Find the string "derived" in the data, then copy every line where it is found.

- - - - - - -

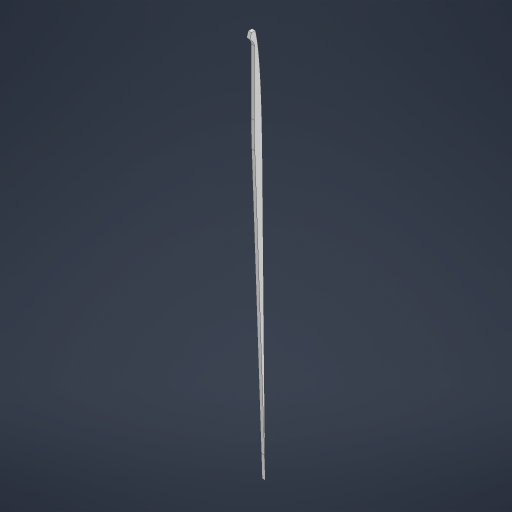
# Autodesk Inventor part: standoff
Saved by Autodesk Inventor 2024 (Build 280153000, 153)
## iProperties
Created: 2022-03-24
Part Number: standoff
Material: Generic
Document SubType Name: Modeling
Designer: kardo
Density: 1 g/cm^3
Appearance: Default
Mass: 4.32367 g
Surface Area: 51.1498 cm^2
Volume: 4.32367 cm^3
Author: kardo
Autodesk Inventor part; units mm, degrees
ref_plane "YZ Plane" through (0, 0, 0) normal (1, 0, 0) x (0, 1, 0)
ref_plane "XZ Plane" through (0, 0, 0) normal (0, 1, 0) x (-1, 0, 0)
ref_plane "XY Plane" through (0, 0, 0) normal (0, 0, 1) x (1, 0, 0)
derived "parameters_frame.ipt"
derived "surface_body.ipt"
sketch "sk_rail_bottom_standoff" plane through (34.32, 0, 0) normal (1, 0, 0) x (0, 1, 0)
  line L0 (-345, 16.32) -> (-262.2001, 18.586)
  arc A0 (-262.2001, 18.586) -> (-241.5001, 19.2432) centre (-326.8578, 2381.2399) ccw
  line L1 (36.465, 28.832) -> (112.2, 28.832)
  arc A1 (36.465, 28.832) -> (11.22, 28.376) centre (36.465, -670.197) ccw
  line L2 (-241.5001, 19.2432) -> (11.22, 28.376)
  line L3 (-465, 0) -> (375, 0) construction
  line L4 (11.22, 28.376) -> (11.22, 0) construction
  line L5 (-241.5001, 19.2432) -> (-241.5001, 0) construction
  point P0 (0, 0)
  point P1 (-241.5001, 19.1524)
  point P2 (11.22, 28.832)
sketch "sk_rail_standoff_standoff" plane through (34.32, 0, 0) normal (1, 0, 0) x (0, 1, 0)
  line L0 (0, 21.3303) -> (92.004, 22.2293) construction
  line L1 (92.004, 22.2293) -> (112.2, 28.832) construction
  line L2 (0, 21.3303) -> (-241.5001, 18.9703)
  line L3 (-262.2001, 18.586) -> (-345, 16.32)
  arc A0 (-241.5001, 18.9703) -> (-262.2001, 18.586) centre (-229.9974, -1158.1286) ccw
  line L4 (-465, 0) -> (375, 0) construction
  line L5 (-241.5001, 18.9703) -> (-241.5001, 0) construction
  spline S0 degree 2 poles (0, 21.3303) (92.004, 22.2293) (112.2, 28.832) knots 1 1 1 2 2 2
  point P0 (0, 0)
  point P1 (-241.5001, 19.1524)
ref_plane "plane_standoff_right" through (34.32, 0, 0) normal (1, 0, 0) x (0, 1, 0)
ref_plane "plane_nose" through (0, 112.2, 0) normal (0, 1, 0) x (-1, 0, 0)
ref_plane "plane_tail_1" through (0, -114.9999, 0) normal (0, 1, 0) x (-1, 0, 0)
sketch "sk_rail_top_tunnel" plane through (81.12, 0, 0) normal (1, 0, 0) x (0, 1, 0)
  line L0 (255, 107.6209) -> (255, -224.5198) construction
  line L1 (0, 107.6209) -> (0, -224.5198) construction
  line L2 (-345, 107.6209) -> (-345, -224.5198) construction
  line L3 (-345, 0) -> (0, 0) construction
  line L4 (-172.5, 48.8998) -> (-172.5, 0) construction
  line L5 (0, 52.89) -> (37.026, 52.89) construction
  line L6 (37.026, 52.89) -> (80.784, 47.0555) construction
  line L7 (80.784, 47.0555) -> (112.2, 37.536) construction
  line L8 (112.2, 107.6209) -> (112.2, -224.5198) construction
  line L9 (0, 52.89) -> (255, 52.89) construction
  line L10 (-469.9275, 0) -> (379.2584, 0) construction
  spline S0 degree 3 poles (0, 52.89) (92.8353, 52.89) (195.0311, 49.5089) (255, 36.448) knots 0 0 0 0 1 1 1 1
  spline S1 degree 3 poles (0, 52.89) (37.026, 52.89) (80.784, 47.0555) (112.2, 37.536) knots 1 1 1 1 2 2 2 2
  spline S2 degree 4 poles (-345, 37.3935) (-258.8686, 45.1235) (-172.5923, 49.7074) (-86.3167, 52.89) (0, 52.89) knots 0 0 0 0 0 1 1 1 1 1
  point P0 (153, 48.7795)
  point P1 (112.2, 28.832)
  point P2 (-230.0001, 45.8224)
  point P3 (-114.9999, 50.9907)
sketch "sk_base" plane through (34.32, 0, 0) normal (1, 0, 0) x (0, 1, 0)
  arc A0 (-241.5001, 18.9703) -> (-262.2001, 18.586) centre (-229.9974, -1158.1286) ccw construction
  arc A1 (-262.2001, 18.586) -> (-241.5001, 19.2432) centre (-326.8578, 2381.2399) ccw construction
  line L0 (-241.5001, 19.2432) -> (11.22, 28.376) construction
  line L1 (0, 21.3303) -> (-241.5001, 18.9703) construction
  spline S0 degree 2 poles (0, 21.3303) (92.004, 22.2293) (112.2, 28.832) knots 1 1 1 2 2 2 construction
  line L2 (36.465, 28.832) -> (112.2, 28.832) construction
  arc A2 (36.465, 28.832) -> (11.22, 28.376) centre (36.465, -670.197) ccw construction
  line L3 (-0.0078, 22.1302) -> (-241.5079, 19.7703)
  arc A3 (-241.5079, 19.7703) -> (-262.2001, 19.3863) centre (-229.9974, -1158.1286) ccw
  arc A4 (-262.2001, 19.3863) -> (-241.529, 20.0427) centre (-326.8578, 2381.2399) ccw
  line L4 (-241.529, 20.0427) -> (11.1911, 29.1755)
  arc A5 (36.465, 29.632) -> (11.1911, 29.1755) centre (36.465, -670.197) ccw
  line L5 (36.465, 29.632) -> (109.2, 29.632)
  line L6 (-262.2001, 18.586) -> (-262.2001, 19.3863) construction
  line L7 (109.2, 28.8048) -> (109.2, 29.632)
  line L8 (109.2, 36.036) -> (109.2, 29.632)
  line L9 (112.2, 3089.1136) -> (112.2, -1866.0023) construction
  line L10 (-114.9999, 3089.1136) -> (-114.9999, -1866.0023) construction
  spline S1 degree 3 poles (0, 52.89) (37.026, 52.89) (80.784, 47.0555) (112.2, 37.536) knots 1 1 1 1 2 2 2 2 construction
  line L11 (109.2, 36.036) -> (112.2, 36.036) construction
  spline S2 degree 3 poles (109.2, 36.036) (104.3654, 36.036) (101.9121, 29.632) (97.0775, 29.632) knots 0 0 0 0 1 1 1 1
  spline S3 degree 5 poles (109.2, 28.8047) (107.6034, 28.4007) (105.9915, 28.0566) (104.3743, 27.7461) (99.4475, 26.8968) (94.4884, 26.2578) (91.1573, 25.8839) (83.3512, 25.1123) (75.5281, 24.5312) (71.0451, 24.2412) (60.9319, 23.667) (50.8112, 23.2411) (45.1777, 23.0388) (32.7621, 22.6576) (20.3433, 22.3976) (13.5599, 22.2846) (6.7761, 22.1965) (-0.0078, 22.1302) knots 0 0 0 0 0 0 0.075161 0.075161 0.075161 0.228117 0.228117 0.228117 0.433128 0.433128 0.433128 0.690387 0.690387 0.690387 1 1 1 1 1 1
  point P0 (0, 0)
  dimension "d5" = 0.8
  dimension "d4" = 0.8
  dimension "d7" = 3
  dimension "d8" = 1.5
  dimension "d9" = 72.735
  dimension "d10" = 12.1225
  constraints: 14 end point, 6 point on circle, 3 centre point, 3 vertical, 2 parallel, 2 point on line, 1 horizontal, 1 perpendicular, 9 other
  measures "d4" distance between parallel lines of L0 L4
  measures "d7" distance between parallel lines of L9 L7
  measures "d8" distance from line of point (112.2, 37.536) L11
  measures "d9" distance of L5.start L5.end
  measures "d10" distance from line of L8 point (97.077, 29.632)
extrude "thicken" add sketch "sk_base" against normal blind 3
sketch "sk_liner_pad" plane through (34.32, 0, 0) normal (1, 0, 0) x (0, 1, 0)
  spline S0 degree 3 poles (0, 52.89) (37.026, 52.89) (80.784, 47.0555) (112.2, 37.536) knots 1 1 1 1 2 2 2 2 projected
  line L0 (112.2, 37.536) -> (112.2, 31.536)
  line L1 (112.2, 107.6209) -> (112.2, -224.5198) construction
  line L2 (0, 52.89) -> (0, 46.89)
  spline S1 degree 3 poles (0, 46.89) (37.9228, 46.89) (75.8479, 42.5512) (112.2, 31.536) knots 0 0 0 0 1 1 1 1
  line L3 (0, 52.89) -> (-10, 52.89) construction
  line L4 (0, 46.89) -> (-10, 46.89) construction
  line L5 (112.2, 37.536) -> (121.7703, 34.6361) construction
  line L6 (112.2, 31.536) -> (121.7703, 28.6361) construction
  point P0 (0, 0)
  dimension "d11" = 6
  dimension "d12" = 10
  dimension "d13" = 10
  constraints: 12 end point, 6 parallel, 2 horizontal, 1 point on line, 4 other
  measures "d11" distance of L0.start L0.end
  measures "d12" distance of L2.start L3.end
  measures "d13" distance of L0.start L5.end
extrude "liner_pad" cut sketch "sk_liner_pad" along normal through all both and the other way through all
equation "\"d4\" = shell_thickness"
equation "\"d7\" = bulkhead_thickness"
equation "\"d8\" = cowl_shell_thickness"
equation "\"d10\" = 0.166667 * d9"
equation "\"d2\" = bulkhead_thickness"
equation "\"d11\" = cowl_sealing_thickness + cowl_shell_thickness + cowl_liner_thickness"
equation "\"shell_thickness\" = 0.8"
equation "\"bulkhead_thickness\" = 3"
equation "\"cowl_sealing_thickness\" = 3"
equation "\"cowl_shell_thickness\" = 1.5"
equation "\"cowl_liner_thickness\" = 1.5"
body "Solid1"

- - - - - - -

*Solved problem*.
derived "parameters_frame.ipt"
derived "surface_body.ipt"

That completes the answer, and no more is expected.